Chapter 6 Making Decisions under uncertainty

“… the null hypothesis is never proved or established, but it is possibly disproved, in the course of experimentation. Every experiment may be said to exist only to give the facts a chance of disproving the null hypothesis. (R. A. Fisher)

In Chapter 5 we have seen that experimental errors and, above all, sampling errors, produce uncertainty in the estimation process, which we have to account for by determining and displaying standard errors and confidence intervals. In the very same fashion, we need to be able to make decisions in presence of uncertainty; is the effect of a treatment statistically significant? Is the effect of a treatment higher/lower than the effect of another treatment?

Making such decisions is called Formal Hypothesis Testing (FHT) and we will see that this is mainly based on the so-called P-value. As usual, I will introduce the problem by using an example.

6.1 Comparing sample means: the Student’s t-test

6.1.1 The dataset

We have planned an experiment where we have compared the yield of genotype A with the yield of the genotype P and the experiment is laid down according to a completely randomised design with five replicates.
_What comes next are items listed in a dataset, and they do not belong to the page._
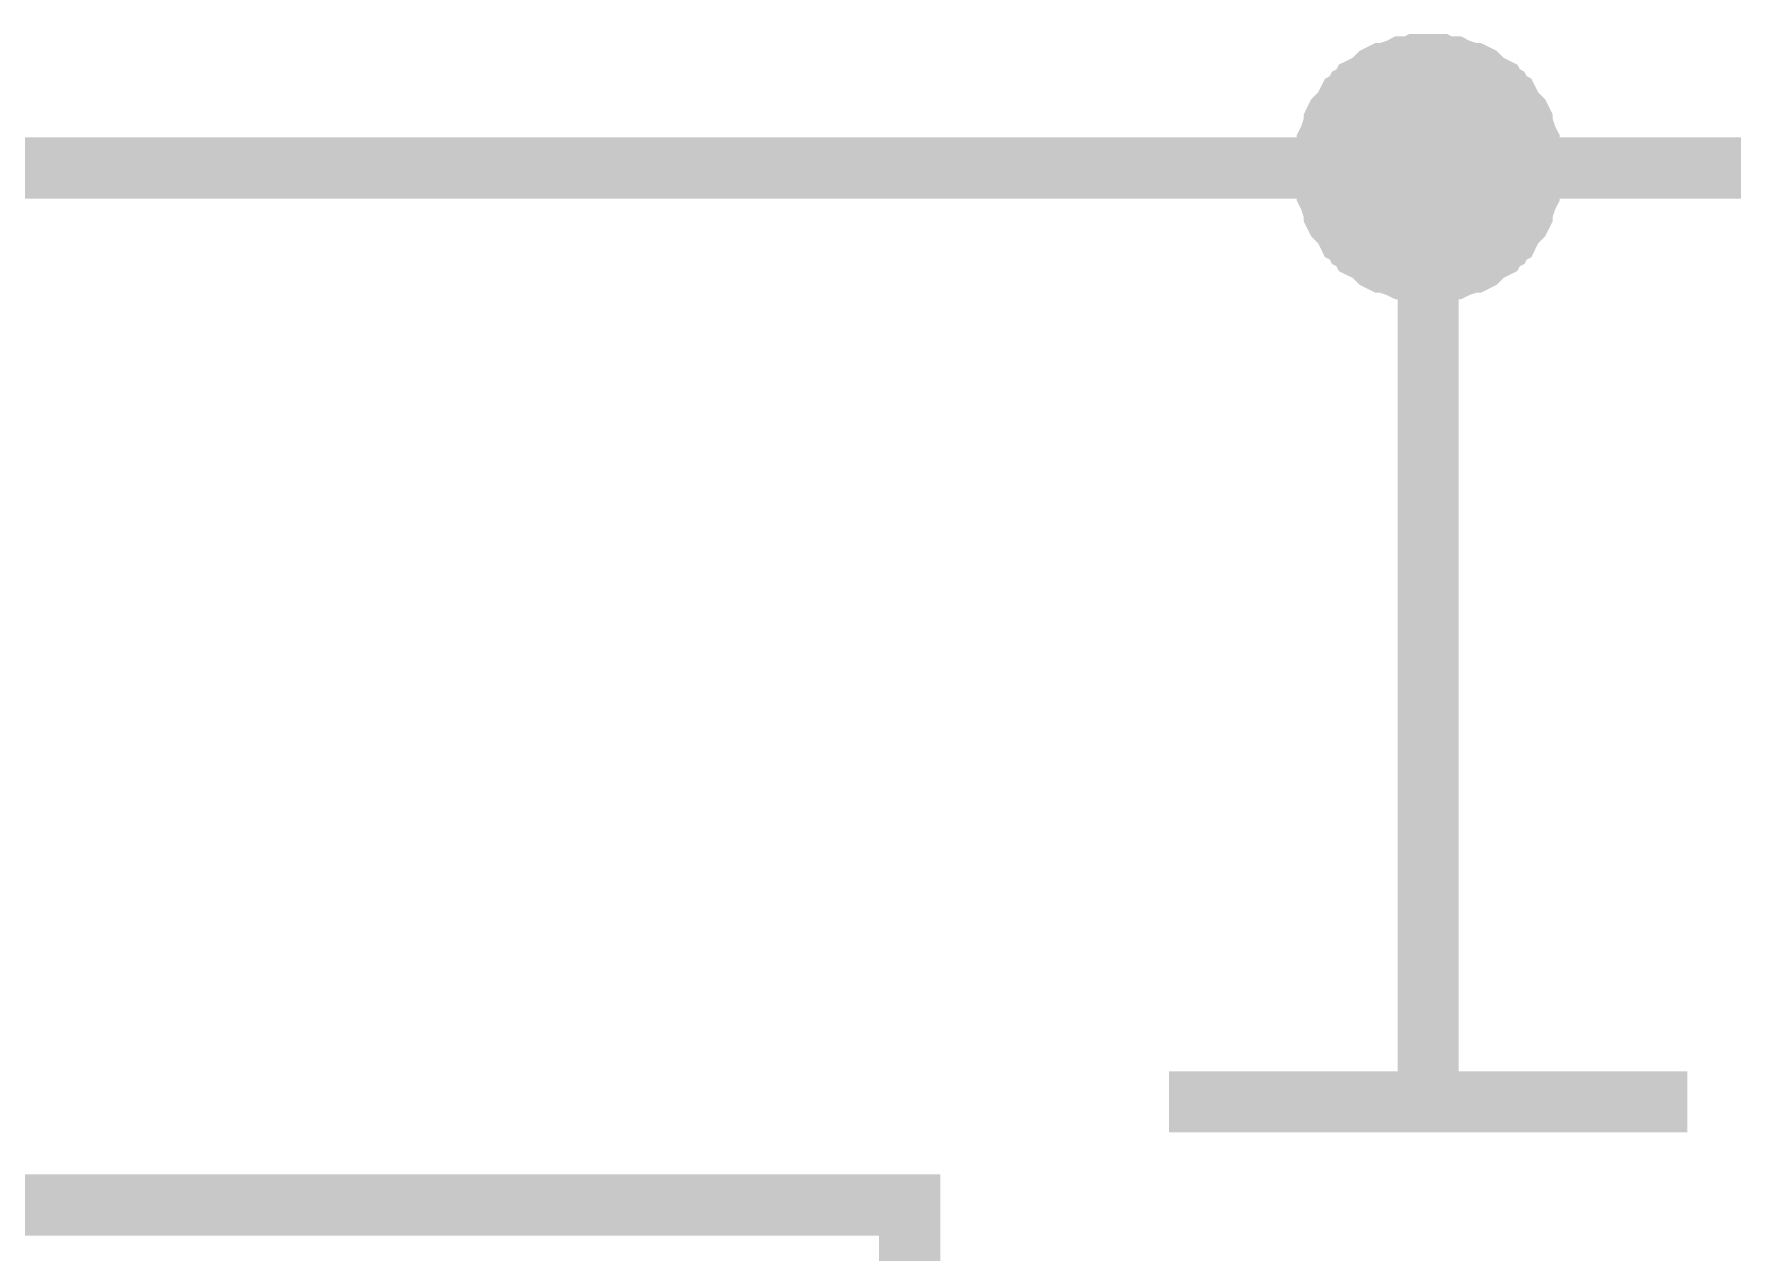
# Model space of a CAD drawing. Header units: millimetres. Extents: x 0 to 19, y 0 to 9.5.
# Drawn here: x 12.7314 to 13.0587, y 7.9909 to 8.2256 of the extents above; entities that cross this region are included whole.
import ezdxf

# ---------------------------------------------------------------- set-up
doc = ezdxf.new("R2010")
doc.units = ezdxf.units.MM
doc.header["$MEASUREMENT"] = 0
doc.layers.add('Sheet', color=255, linetype='Continuous')

msp = doc.modelspace()

# ---------------------------------------------------------------- linework, layer by layer
at = {"layer": 'Sheet'}
for points, const_width in [([(12.98027, 8.19976), (12.98027, 8.20065), (12.98027, 8.20197), (12.98071, 8.20286), (12.98071, 8.20374), (12.98071, 8.20463), (12.98115, 8.20551), (12.98159, 8.20684), (12.98204, 8.20772), (12.98204, 8.2086), (12.98248, 8.20949), (12.98292, 8.20993), (12.9838, 8.21082), (12.98425, 8.2117), (12.98469, 8.21258), (12.98557, 8.21303), (12.98602, 8.21391), (12.9869, 8.21435), (12.98734, 8.21524), (12.98823, 8.21568), (12.98911, 8.21612), (12.98999, 8.217), (12.99044, 8.21745), (12.99132, 8.21789), (12.9922, 8.21789), (12.99309, 8.21833), (12.99442, 8.21877), (12.9953, 8.21922), (12.99618, 8.21922), (12.99707, 8.21922), (12.99795, 8.21966), (12.99928, 8.21966), (13.00016, 8.21966)], 0.0118), ([(12.98027, 8.19976), (12.98027, 8.20065), (12.98027, 8.20197), (12.98071, 8.20286), (12.98071, 8.20374), (12.98071, 8.20463), (12.98115, 8.20551), (12.98159, 8.20684), (12.98204, 8.20772), (12.98204, 8.2086), (12.98248, 8.20949), (12.98292, 8.20993), (12.9838, 8.21082), (12.98425, 8.2117), (12.98469, 8.21258), (12.98557, 8.21303), (12.98602, 8.21391), (12.9869, 8.21435), (12.98734, 8.21524), (12.98823, 8.21568), (12.98911, 8.21612), (12.98999, 8.217), (12.99044, 8.21745), (12.99132, 8.21789), (12.9922, 8.21789), (12.99309, 8.21833), (12.99442, 8.21877), (12.9953, 8.21922), (12.99618, 8.21922), (12.99707, 8.21922), (12.99795, 8.21966), (12.99928, 8.21966), (13.00016, 8.21966)], 0.0118), ([(12.98027, 8.19976), (12.98027, 8.20065), (12.98027, 8.20197), (12.98071, 8.20286), (12.98071, 8.20374), (12.98071, 8.20463), (12.98115, 8.20551), (12.98159, 8.20684), (12.98204, 8.20772), (12.98204, 8.2086), (12.98248, 8.20949), (12.98292, 8.20993), (12.9838, 8.21082), (12.98425, 8.2117), (12.98469, 8.21258), (12.98557, 8.21303), (12.98602, 8.21391), (12.9869, 8.21435), (12.98734, 8.21524), (12.98823, 8.21568), (12.98911, 8.21612), (12.98999, 8.217), (12.99044, 8.21745), (12.99132, 8.21789), (12.9922, 8.21789), (12.99309, 8.21833), (12.99442, 8.21877), (12.9953, 8.21922), (12.99618, 8.21922), (12.99707, 8.21922), (12.99795, 8.21966), (12.99928, 8.21966), (13.00016, 8.21966)], 0.0118), ([(12.98027, 8.19976), (12.98027, 8.20065), (12.98027, 8.20197), (12.98071, 8.20286), (12.98071, 8.20374), (12.98071, 8.20463), (12.98115, 8.20551), (12.98159, 8.20684), (12.98204, 8.20772), (12.98204, 8.2086), (12.98248, 8.20949), (12.98292, 8.20993), (12.9838, 8.21082), (12.98425, 8.2117), (12.98469, 8.21258), (12.98557, 8.21303), (12.98602, 8.21391), (12.9869, 8.21435), (12.98734, 8.21524), (12.98823, 8.21568), (12.98911, 8.21612), (12.98999, 8.217), (12.99044, 8.21745), (12.99132, 8.21789), (12.9922, 8.21789), (12.99309, 8.21833), (12.99442, 8.21877), (12.9953, 8.21922), (12.99618, 8.21922), (12.99707, 8.21922), (12.99795, 8.21966), (12.99928, 8.21966), (13.00016, 8.21966)], 0.0118), ([(13.00016, 8.21966), (13.00016, 8.21966)], 0.0118), ([(13.00016, 8.21966), (13.00105, 8.21966), (13.00237, 8.21966), (13.00326, 8.21922), (13.00414, 8.21922), (13.00503, 8.21922), (13.00591, 8.21877), (13.00724, 8.21833), (13.00812, 8.21789), (13.00901, 8.21789), (13.00989, 8.21745), (13.01033, 8.217), (13.01122, 8.21612), (13.0121, 8.21568), (13.01298, 8.21524), (13.01343, 8.21435), (13.01431, 8.21391), (13.01475, 8.21303), (13.01564, 8.21258), (13.01608, 8.2117), (13.01652, 8.21082), (13.01741, 8.20993), (13.01785, 8.20949), (13.01829, 8.2086), (13.01829, 8.20772), (13.01873, 8.20684), (13.01917, 8.20551), (13.01962, 8.20463), (13.01962, 8.20374), (13.01962, 8.20286), (13.02006, 8.20197), (13.02006, 8.20065), (13.02006, 8.19976)], 0.0118), ([(13.00016, 8.21966), (13.00016, 8.21966)], 0.0118), ([(13.00016, 8.21966), (13.00105, 8.21966), (13.00237, 8.21966), (13.00326, 8.21922), (13.00414, 8.21922), (13.00503, 8.21922), (13.00591, 8.21877), (13.00724, 8.21833), (13.00812, 8.21789), (13.00901, 8.21789), (13.00989, 8.21745), (13.01033, 8.217), (13.01122, 8.21612), (13.0121, 8.21568), (13.01298, 8.21524), (13.01343, 8.21435), (13.01431, 8.21391), (13.01475, 8.21303), (13.01564, 8.21258), (13.01608, 8.2117), (13.01652, 8.21082), (13.01741, 8.20993), (13.01785, 8.20949), (13.01829, 8.2086), (13.01829, 8.20772), (13.01873, 8.20684), (13.01917, 8.20551), (13.01962, 8.20463), (13.01962, 8.20374), (13.01962, 8.20286), (13.02006, 8.20197), (13.02006, 8.20065), (13.02006, 8.19976)], 0.0118), ([(13.00016, 8.21966), (13.00016, 8.21966)], 0.0118), ([(13.00016, 8.21966), (13.00105, 8.21966), (13.00237, 8.21966), (13.00326, 8.21922), (13.00414, 8.21922), (13.00503, 8.21922), (13.00591, 8.21877), (13.00724, 8.21833), (13.00812, 8.21789), (13.00901, 8.21789), (13.00989, 8.21745), (13.01033, 8.217), (13.01122, 8.21612), (13.0121, 8.21568), (13.01298, 8.21524), (13.01343, 8.21435), (13.01431, 8.21391), (13.01475, 8.21303), (13.01564, 8.21258), (13.01608, 8.2117), (13.01652, 8.21082), (13.01741, 8.20993), (13.01785, 8.20949), (13.01829, 8.2086), (13.01829, 8.20772), (13.01873, 8.20684), (13.01917, 8.20551), (13.01962, 8.20463), (13.01962, 8.20374), (13.01962, 8.20286), (13.02006, 8.20197), (13.02006, 8.20065), (13.02006, 8.19976)], 0.0118), ([(13.00016, 8.21966), (13.00016, 8.21966)], 0.0118), ([(13.00016, 8.21966), (13.00105, 8.21966), (13.00237, 8.21966), (13.00326, 8.21922), (13.00414, 8.21922), (13.00503, 8.21922), (13.00591, 8.21877), (13.00724, 8.21833), (13.00812, 8.21789), (13.00901, 8.21789), (13.00989, 8.21745), (13.01033, 8.217), (13.01122, 8.21612), (13.0121, 8.21568), (13.01298, 8.21524), (13.01343, 8.21435), (13.01431, 8.21391), (13.01475, 8.21303), (13.01564, 8.21258), (13.01608, 8.2117), (13.01652, 8.21082), (13.01741, 8.20993), (13.01785, 8.20949), (13.01829, 8.2086), (13.01829, 8.20772), (13.01873, 8.20684), (13.01917, 8.20551), (13.01962, 8.20463), (13.01962, 8.20374), (13.01962, 8.20286), (13.02006, 8.20197), (13.02006, 8.20065), (13.02006, 8.19976)], 0.0118), ([(12.98027, 8.19976), (12.98027, 8.20065), (12.98027, 8.20197), (12.98071, 8.20286), (12.98071, 8.20374), (12.98071, 8.20463), (12.98115, 8.20551), (12.98159, 8.20684), (12.98204, 8.20772), (12.98204, 8.2086), (12.98248, 8.20949), (12.98292, 8.20993), (12.9838, 8.21082), (12.98425, 8.2117), (12.98469, 8.21258), (12.98557, 8.21303), (12.98602, 8.21391), (12.9869, 8.21435), (12.98734, 8.21524), (12.98823, 8.21568), (12.98911, 8.21612), (12.98999, 8.217), (12.99044, 8.21745), (12.99132, 8.21789), (12.9922, 8.21789), (12.99309, 8.21833), (12.99442, 8.21877), (12.9953, 8.21922), (12.99618, 8.21922), (12.99707, 8.21922), (12.99795, 8.21966), (12.99928, 8.21966), (13.00016, 8.21966)], 0.0039), ([(12.98027, 8.19976), (12.98027, 8.20065), (12.98027, 8.20197), (12.98071, 8.20286), (12.98071, 8.20374), (12.98071, 8.20463), (12.98115, 8.20551), (12.98159, 8.20684), (12.98204, 8.20772), (12.98204, 8.2086), (12.98248, 8.20949), (12.98292, 8.20993), (12.9838, 8.21082), (12.98425, 8.2117), (12.98469, 8.21258), (12.98557, 8.21303), (12.98602, 8.21391), (12.9869, 8.21435), (12.98734, 8.21524), (12.98823, 8.21568), (12.98911, 8.21612), (12.98999, 8.217), (12.99044, 8.21745), (12.99132, 8.21789), (12.9922, 8.21789), (12.99309, 8.21833), (12.99442, 8.21877), (12.9953, 8.21922), (12.99618, 8.21922), (12.99707, 8.21922), (12.99795, 8.21966), (12.99928, 8.21966), (13.00016, 8.21966)], 0.0039), ([(12.98027, 8.19976), (12.98027, 8.20065), (12.98027, 8.20197), (12.98071, 8.20286), (12.98071, 8.20374), (12.98071, 8.20463), (12.98115, 8.20551), (12.98159, 8.20684), (12.98204, 8.20772), (12.98204, 8.2086), (12.98248, 8.20949), (12.98292, 8.20993), (12.9838, 8.21082), (12.98425, 8.2117), (12.98469, 8.21258), (12.98557, 8.21303), (12.98602, 8.21391), (12.9869, 8.21435), (12.98734, 8.21524), (12.98823, 8.21568), (12.98911, 8.21612), (12.98999, 8.217), (12.99044, 8.21745), (12.99132, 8.21789), (12.9922, 8.21789), (12.99309, 8.21833), (12.99442, 8.21877), (12.9953, 8.21922), (12.99618, 8.21922), (12.99707, 8.21922), (12.99795, 8.21966), (12.99928, 8.21966), (13.00016, 8.21966)], 0.0039), ([(12.98027, 8.19976), (12.98027, 8.20065), (12.98027, 8.20197), (12.98071, 8.20286), (12.98071, 8.20374), (12.98071, 8.20463), (12.98115, 8.20551), (12.98159, 8.20684), (12.98204, 8.20772), (12.98204, 8.2086), (12.98248, 8.20949), (12.98292, 8.20993), (12.9838, 8.21082), (12.98425, 8.2117), (12.98469, 8.21258), (12.98557, 8.21303), (12.98602, 8.21391), (12.9869, 8.21435), (12.98734, 8.21524), (12.98823, 8.21568), (12.98911, 8.21612), (12.98999, 8.217), (12.99044, 8.21745), (12.99132, 8.21789), (12.9922, 8.21789), (12.99309, 8.21833), (12.99442, 8.21877), (12.9953, 8.21922), (12.99618, 8.21922), (12.99707, 8.21922), (12.99795, 8.21966), (12.99928, 8.21966), (13.00016, 8.21966)], 0.0039), ([(13.00016, 8.21966), (13.00016, 8.21966)], 0.0039), ([(13.00016, 8.21966), (13.00105, 8.21966), (13.00237, 8.21966), (13.00326, 8.21922), (13.00414, 8.21922), (13.00503, 8.21922), (13.00591, 8.21877), (13.00724, 8.21833), (13.00812, 8.21789), (13.00901, 8.21789), (13.00989, 8.21745), (13.01033, 8.217), (13.01122, 8.21612), (13.0121, 8.21568), (13.01298, 8.21524), (13.01343, 8.21435), (13.01431, 8.21391), (13.01475, 8.21303), (13.01564, 8.21258), (13.01608, 8.2117), (13.01652, 8.21082), (13.01741, 8.20993), (13.01785, 8.20949), (13.01829, 8.2086), (13.01829, 8.20772), (13.01873, 8.20684), (13.01917, 8.20551), (13.01962, 8.20463), (13.01962, 8.20374), (13.01962, 8.20286), (13.02006, 8.20197), (13.02006, 8.20065), (13.02006, 8.19976)], 0.0039), ([(13.00016, 8.21966), (13.00016, 8.21966)], 0.0039), ([(13.00016, 8.21966), (13.00105, 8.21966), (13.00237, 8.21966), (13.00326, 8.21922), (13.00414, 8.21922), (13.00503, 8.21922), (13.00591, 8.21877), (13.00724, 8.21833), (13.00812, 8.21789), (13.00901, 8.21789), (13.00989, 8.21745), (13.01033, 8.217), (13.01122, 8.21612), (13.0121, 8.21568), (13.01298, 8.21524), (13.01343, 8.21435), (13.01431, 8.21391), (13.01475, 8.21303), (13.01564, 8.21258), (13.01608, 8.2117), (13.01652, 8.21082), (13.01741, 8.20993), (13.01785, 8.20949), (13.01829, 8.2086), (13.01829, 8.20772), (13.01873, 8.20684), (13.01917, 8.20551), (13.01962, 8.20463), (13.01962, 8.20374), (13.01962, 8.20286), (13.02006, 8.20197), (13.02006, 8.20065), (13.02006, 8.19976)], 0.0039), ([(13.00016, 8.21966), (13.00016, 8.21966)], 0.0039), ([(13.00016, 8.21966), (13.00105, 8.21966), (13.00237, 8.21966), (13.00326, 8.21922), (13.00414, 8.21922), (13.00503, 8.21922), (13.00591, 8.21877), (13.00724, 8.21833), (13.00812, 8.21789), (13.00901, 8.21789), (13.00989, 8.21745), (13.01033, 8.217), (13.01122, 8.21612), (13.0121, 8.21568), (13.01298, 8.21524), (13.01343, 8.21435), (13.01431, 8.21391), (13.01475, 8.21303), (13.01564, 8.21258), (13.01608, 8.2117), (13.01652, 8.21082), (13.01741, 8.20993), (13.01785, 8.20949), (13.01829, 8.2086), (13.01829, 8.20772), (13.01873, 8.20684), (13.01917, 8.20551), (13.01962, 8.20463), (13.01962, 8.20374), (13.01962, 8.20286), (13.02006, 8.20197), (13.02006, 8.20065), (13.02006, 8.19976)], 0.0039), ([(13.00016, 8.21966), (13.00016, 8.21966)], 0.0039), ([(13.00016, 8.21966), (13.00105, 8.21966), (13.00237, 8.21966), (13.00326, 8.21922), (13.00414, 8.21922), (13.00503, 8.21922), (13.00591, 8.21877), (13.00724, 8.21833), (13.00812, 8.21789), (13.00901, 8.21789), (13.00989, 8.21745), (13.01033, 8.217), (13.01122, 8.21612), (13.0121, 8.21568), (13.01298, 8.21524), (13.01343, 8.21435), (13.01431, 8.21391), (13.01475, 8.21303), (13.01564, 8.21258), (13.01608, 8.2117), (13.01652, 8.21082), (13.01741, 8.20993), (13.01785, 8.20949), (13.01829, 8.2086), (13.01829, 8.20772), (13.01873, 8.20684), (13.01917, 8.20551), (13.01962, 8.20463), (13.01962, 8.20374), (13.01962, 8.20286), (13.02006, 8.20197), (13.02006, 8.20065), (13.02006, 8.19976)], 0.0039), ([(12.40022, 8.19976), (13.00016, 8.19976), (13.40027, 8.19976), (13.70002, 8.19976), (13.80038, 8.19976)], 0.0118), ([(13.00016, 8.17987), (12.99928, 8.17987), (12.99795, 8.17987), (12.99707, 8.18031), (12.99618, 8.18031), (12.9953, 8.18031), (12.99442, 8.18075), (12.99309, 8.18119), (12.9922, 8.18164), (12.99132, 8.18164), (12.99044, 8.18208), (12.98999, 8.18252), (12.98911, 8.1834), (12.98823, 8.18385), (12.98734, 8.18429), (12.9869, 8.18517), (12.98602, 8.18562), (12.98557, 8.1865), (12.98469, 8.18694), (12.98425, 8.18783), (12.9838, 8.18871), (12.98292, 8.18959), (12.98248, 8.19004), (12.98204, 8.19092), (12.98204, 8.1918), (12.98159, 8.19269), (12.98115, 8.19402), (12.98071, 8.1949), (12.98071, 8.19578), (12.98071, 8.19667), (12.98027, 8.19755), (12.98027, 8.19888), (12.98027, 8.19976)], 0.0118), ([(12.98027, 8.19976), (12.98027, 8.19976)], 0.0118), ([(13.00016, 8.17987), (12.99928, 8.17987), (12.99795, 8.17987), (12.99707, 8.18031), (12.99618, 8.18031), (12.9953, 8.18031), (12.99442, 8.18075), (12.99309, 8.18119), (12.9922, 8.18164), (12.99132, 8.18164), (12.99044, 8.18208), (12.98999, 8.18252), (12.98911, 8.1834), (12.98823, 8.18385), (12.98734, 8.18429), (12.9869, 8.18517), (12.98602, 8.18562), (12.98557, 8.1865), (12.98469, 8.18694), (12.98425, 8.18783), (12.9838, 8.18871), (12.98292, 8.18959), (12.98248, 8.19004), (12.98204, 8.19092), (12.98204, 8.1918), (12.98159, 8.19269), (12.98115, 8.19402), (12.98071, 8.1949), (12.98071, 8.19578), (12.98071, 8.19667), (12.98027, 8.19755), (12.98027, 8.19888), (12.98027, 8.19976)], 0.0118), ([(12.98027, 8.19976), (12.98027, 8.19976)], 0.0118), ([(13.00016, 8.17987), (12.99928, 8.17987), (12.99795, 8.17987), (12.99707, 8.18031), (12.99618, 8.18031), (12.9953, 8.18031), (12.99442, 8.18075), (12.99309, 8.18119), (12.9922, 8.18164), (12.99132, 8.18164), (12.99044, 8.18208), (12.98999, 8.18252), (12.98911, 8.1834), (12.98823, 8.18385), (12.98734, 8.18429), (12.9869, 8.18517), (12.98602, 8.18562), (12.98557, 8.1865), (12.98469, 8.18694), (12.98425, 8.18783), (12.9838, 8.18871), (12.98292, 8.18959), (12.98248, 8.19004), (12.98204, 8.19092), (12.98204, 8.1918), (12.98159, 8.19269), (12.98115, 8.19402), (12.98071, 8.1949), (12.98071, 8.19578), (12.98071, 8.19667), (12.98027, 8.19755), (12.98027, 8.19888), (12.98027, 8.19976)], 0.0118), ([(12.98027, 8.19976), (12.98027, 8.19976)], 0.0118), ([(13.00016, 8.17987), (12.99928, 8.17987), (12.99795, 8.17987), (12.99707, 8.18031), (12.99618, 8.18031), (12.9953, 8.18031), (12.99442, 8.18075), (12.99309, 8.18119), (12.9922, 8.18164), (12.99132, 8.18164), (12.99044, 8.18208), (12.98999, 8.18252), (12.98911, 8.1834), (12.98823, 8.18385), (12.98734, 8.18429), (12.9869, 8.18517), (12.98602, 8.18562), (12.98557, 8.1865), (12.98469, 8.18694), (12.98425, 8.18783), (12.9838, 8.18871), (12.98292, 8.18959), (12.98248, 8.19004), (12.98204, 8.19092), (12.98204, 8.1918), (12.98159, 8.19269), (12.98115, 8.19402), (12.98071, 8.1949), (12.98071, 8.19578), (12.98071, 8.19667), (12.98027, 8.19755), (12.98027, 8.19888), (12.98027, 8.19976)], 0.0118), ([(12.98027, 8.19976), (12.98027, 8.19976)], 0.0118), ([(13.00016, 8.19976), (13.00016, 8.09985)], 0.0118), ([(13.02006, 8.19976), (13.02006, 8.19888), (13.02006, 8.19755), (13.01962, 8.19667), (13.01962, 8.19578), (13.01962, 8.1949), (13.01917, 8.19402), (13.01873, 8.19269), (13.01829, 8.1918), (13.01829, 8.19092), (13.01785, 8.19004), (13.01741, 8.18959), (13.01652, 8.18871), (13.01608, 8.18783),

This is a small-plot experiment with 10 plots, which need to be regarded as sampled from a wider population of plots; as we mentioned in the previous chapter, our interest is not in the sample, but it is in the population of plots, which means that we are looking for conclusions of general validity.

The results (in quintals per hectare) are the following:

A <- c(65, 68, 69, 71, 78)
P <- c(80, 81, 84, 88, 94)

As usual we calculate the descriptive statistics (mean and standard deviation) for each sample:

mA <- mean(A)
mP <- mean(P)
sA <- sd(A)
sP <- sd(P)
mA; sA
## [1] 70.2
## [1] 4.868265
mP; sP
## [1] 85.4
## [1] 5.727128

We see that the mean for the genotype P is higher than the mean for the genotype A, but such descriptive statistics are not sufficient to our aims. Therefore, we calculate standard errors, to express our uncertainty about the population means, as we have shown in the previous chapter.

seA <- sA/sqrt(5); seA
## [1] 2.177154
seP <- sP/sqrt(5); seP
## [1] 2.56125

Consequently, we can produce interval estimates for the population means, i.e., 85.4 \(\pm\) 5.12 and 70.2 \(\pm\) 4.35. We note that the confidence intervals do not overlap, which supports the idea that P is better than A, but we would like to reach a more formal decision.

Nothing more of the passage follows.